--- Data for this task ---

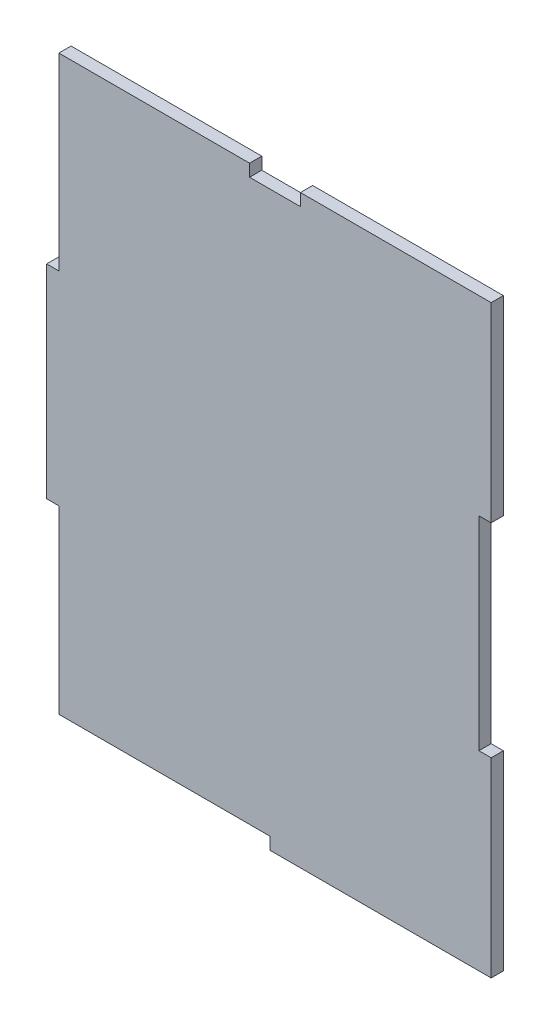
SolidWorks part; units mm, degrees
ref_plane "Přední rovina" through (0, 0, 0) normal (0, 0, 1) x (1, 0, 0)
ref_plane "Horní rovina" through (0, 0, 0) normal (0, 1, 0) x (1, 0, 0)
ref_plane "Pravá rovina" through (0, 0, 0) normal (1, 0, 0) x (0, 0, -1)
sketch "Skica1" plane through (0, 0, 0) normal (0, 0, 1) x (1, 0, 0)
  line L0 (1.6834, 36.2914) -> (1.6834, 0.7914)
  line L1 (1.6834, 113.3914) -> (39.1834, 113.3914)
  line L2 (1.6834, 113.3914) -> (1.6834, 76.2914)
  line L3 (43.1834, -1.6086) -> (86.6834, -1.6086)
  line L4 (86.6834, 113.3914) -> (86.6834, 75.8914)
  line L5 (39.1834, 113.3914) -> (39.1834, 110.9914)
  line L6 (39.1834, 110.9914) -> (49.1834, 110.9914)
  line L7 (49.1834, 113.3914) -> (49.1834, 110.9914)
  line L8 (1.6834, 0.7914) -> (43.1834, 0.7914)
  line L9 (43.1834, 0.7914) -> (43.1834, -1.6086)
  line L10 (1.6834, 76.2914) -> (-0.7166, 76.2914)
  line L11 (86.6834, 35.8914) -> (86.6834, -1.6086)
  line L12 (1.6834, 36.2914) -> (-0.7166, 36.2914)
  line L13 (-0.7166, 76.2914) -> (-0.7166, 36.2914)
  line L14 (86.6834, 75.8914) -> (84.2834, 75.8914)
  line L15 (49.1834, 113.3914) -> (86.6834, 113.3914)
  line L16 (86.6834, 35.8914) -> (84.2834, 35.8914)
  line L17 (84.2834, 75.8914) -> (84.2834, 35.8914)
  dimension "D1" = 85
  dimension "D2" = 2.4
  dimension "D3" = 2.4
  dimension "D4" = 40
  dimension "D5" = 115
  dimension "D6" = 10
  dimension "D7" = 37.5
extrude "Přidat vysunutím1" add sketch "Skica1" along normal blind 2.4

---

→ How to complete this task: Find every line in the records that uses the string "through", then copy it.

→ Task answer:
ref_plane "Přední rovina" through (0, 0, 0) normal (0, 0, 1) x (1, 0, 0)
ref_plane "Horní rovina" through (0, 0, 0) normal (0, 1, 0) x (1, 0, 0)
ref_plane "Pravá rovina" through (0, 0, 0) normal (1, 0, 0) x (0, 0, -1)
sketch "Skica1" plane through (0, 0, 0) normal (0, 0, 1) x (1, 0, 0)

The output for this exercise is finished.